1 263,73 euros. Il y a lieu de lui adresser une injonction en ce sens et de lui impartir un délai de deux mois pour s'y conformer.

Sur les frais d'instance :

7. Il y a lieu dans les circonstances de l'espèce de mettre à la charge de l'EHPAD " Les deux châteaux " une somme de 1 500 euros au titre des frais exposés par Mme A épouse B et non compris dans les dépens, en application de l'article L. 761-1 du code de justice administrative.

D É C I D E :

Article 1er : La décision du 11 octobre 2021 par laquelle le directeur de l'EHPAD " Les deux châteaux " a suspendu Mme A épouse B de ses fonctions sans rémunération à compter du même jour, jusqu'à la production d'un justificatif de vaccination ou de contre-indication à la vaccination contre la covid-19, ensemble la décision de rejet de son recours gracieux sont annulées.

Article 2 : Il est enjoint à l'EHPAD " Les deux châteaux " de régulariser la situation financière de Mme A épouse B pour la période allant du 11 au 31 octobre 2021 en lui versant la somme de 1 263,73 euros dans un délai de deux mois à compter de la notification du présent jugement.

Article 3 : L'EHPAD " Les deux châteaux " versera la somme de 1 500 euros à Mme A épouse B en application de l'article L. 761-1 du code de justice administrative.

Article 4 : Le présent jugement sera notifié à Mme C A épouse B et à l'EHPAD " Les deux châteaux ".

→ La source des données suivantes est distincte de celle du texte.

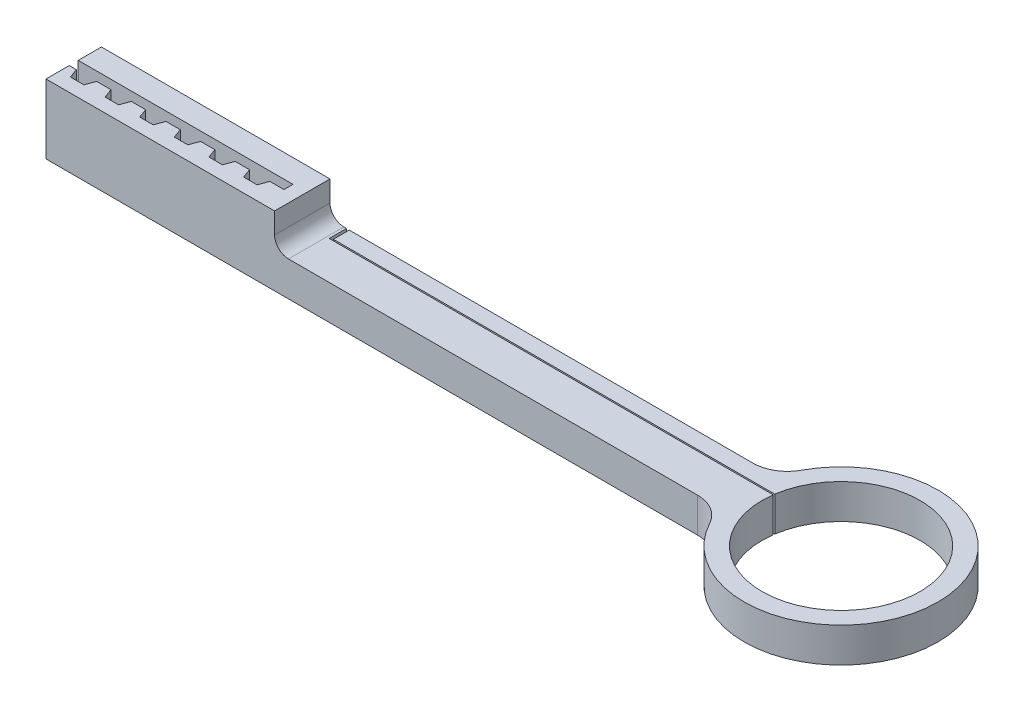
from build123d import *

# Parameters (mm, degrees)
SKETCH_1_R              = 14
SKETCH_1_R_2            = 11.4
RING_DEPTH              = 5
STICK_DEPTH             = 5
SKETCH_3_W              = 33
SKETCH_3_H              = 8
KEY_DEPTH               = 10
FILLET_1_R              = 5
FILLET_5_R              = 2
KEY_HOLE_DEPTH          = 112.914636511
KEY_HOLE_DEPTH_BACK     = 112.914636511
CORRECTION_HOLE_1_DEPTH = 113.109927595
SKETCH_6_W              = 0.5
SKETCH_6_H              = 1.3
CORRECTION_HOLE_DEPTH   = 113.109927595


with BuildPart() as part:
    # Эскиз1 → ring (new body)
    with BuildSketch(Plane(origin=(0, 0, 0), x_dir=(1, 0, 0), z_dir=(0, 1, 0))):
        Circle(SKETCH_1_R)
        Circle(SKETCH_1_R_2, mode=Mode.SUBTRACT)
    extrude(amount=RING_DEPTH)

    # Эскиз2 → stick (add)
    with BuildSketch(Plane(origin=(0, 0, 0), x_dir=(1, 0, 0), z_dir=(0, 1, 0))):
        with BuildLine():
            Line((-10.781929326, 4), (-110.781929326, 4))
            Line((-110.781929326, 4), (-110.781929326, -4))
            Line((-110.781929326, -4), (-10.781929326, -4))
            ThreePointArc((-10.781929326, -4), (-11.5, 0), (-10.781929326, 4))
        make_face()
    extrude(amount=STICK_DEPTH)

    # Эскиз3 → key (add)
    with BuildSketch(Plane(origin=(0, 0, 0), x_dir=(1, 0, 0), z_dir=(0, 1, 0))):
        with Locations((-94.281929326, 0)):
            Rectangle(SKETCH_3_W, SKETCH_3_H)
    extrude(amount=KEY_DEPTH)

    # Скругление1
    fillet_1_edges = [part.edges().sort_by_distance(p)[0] for p in [
        (-13.416407865, 2.5, 4),
        (-13.416407865, 2.5, -4),
    ]]
    fillet(fillet_1_edges, radius=FILLET_1_R)

    # Скругление5
    fillet_5_edges = [part.edges().sort_by_distance(p)[0] for p in [
        (-77.781929326, 5, 0),
    ]]
    fillet(fillet_5_edges, radius=FILLET_5_R)

    # Эскиз4 → key hole (cut, two sides: drawn at the far end of the back side and taken through both)
    with BuildSketch(Plane(origin=(0, 2.5, 0), x_dir=(1, 0, 0), z_dir=(0, 1, 0)).offset(-KEY_HOLE_DEPTH_BACK)):
        Polygon((-110.781929326, 0.65), (-80.281929326, 0.65), (-80.281929326, -0.65), (-80.781929326, -0.65), (-81.81556951, -0.65), (-82.306929326, -2), (-84.256929326, -2), (-84.748289143, -0.65), (-85.781929326, -0.65), (-86.81556951, -0.65), (-87.306929326, -2), (-89.256929326, -2), (-89.748289143, -0.65), (-90.781929326, -0.65), (-91.81556951, -0.65), (-92.306929326, -2), (-94.256929326, -2), (-94.748289143, -0.65), (-95.781929326, -0.65), (-96.81556951, -0.65), (-97.306929326, -2), (-99.256929326, -2), (-99.748289143, -0.65), (-100.781929326, -0.65), (-101.81556951, -0.65), (-102.306929326, -2), (-104.256929326, -2), (-104.748289143, -0.65), (-105.781929326, -0.65), (-106.81556951, -0.65), (-107.306929326, -2), (-109.256929326, -2), (-109.748289143, -0.65), (-110.781929326, -0.65), align=None)
    extrude(amount=KEY_HOLE_DEPTH + KEY_HOLE_DEPTH_BACK, mode=Mode.SUBTRACT)

    # Эскиз5 → correction hole 1 (cut, through all)
    with BuildSketch(Plane.XZ):
        Polygon((-75.4, -4), (-75.4, -1.5), (0, -1.5), (0, -1.7), (-75, -1.7), (-75, -4), align=None)
    extrude(amount=-CORRECTION_HOLE_1_DEPTH, mode=Mode.SUBTRACT)

    # Эскиз6 → correction hole (cut, through all)
    with BuildSketch(Plane(origin=(0, 10, 0), x_dir=(1, 0, 0), z_dir=(0, 1, 0))):
        with Locations((-80.031929326, 0)):
            Rectangle(SKETCH_6_W, SKETCH_6_H)
    extrude(amount=-CORRECTION_HOLE_DEPTH, mode=Mode.SUBTRACT)


solid = part.part

Délibéré après l'audience du 22 février 2024, à laquelle siégeaient :

M. Boutou, président,

Mme Pierre, première conseillère,

M. Menet, premier conseiller.

Rendu public par mise à disposition au greffe le 14 mars 2024.

La rapporteure,

Signé

A-L Pierre

Le président,

Signé

B. Boutou

La greffière,

Signé

A. Ribière

La République mande et ordonne à la ministre du travail, de la santé et des solidarités en ce qui la concerne ou à tous commissaires de justice à ce requis en ce qui concerne les voies de droit commun contre les parties privées, de pourvoir à l'exécution de la présente décision.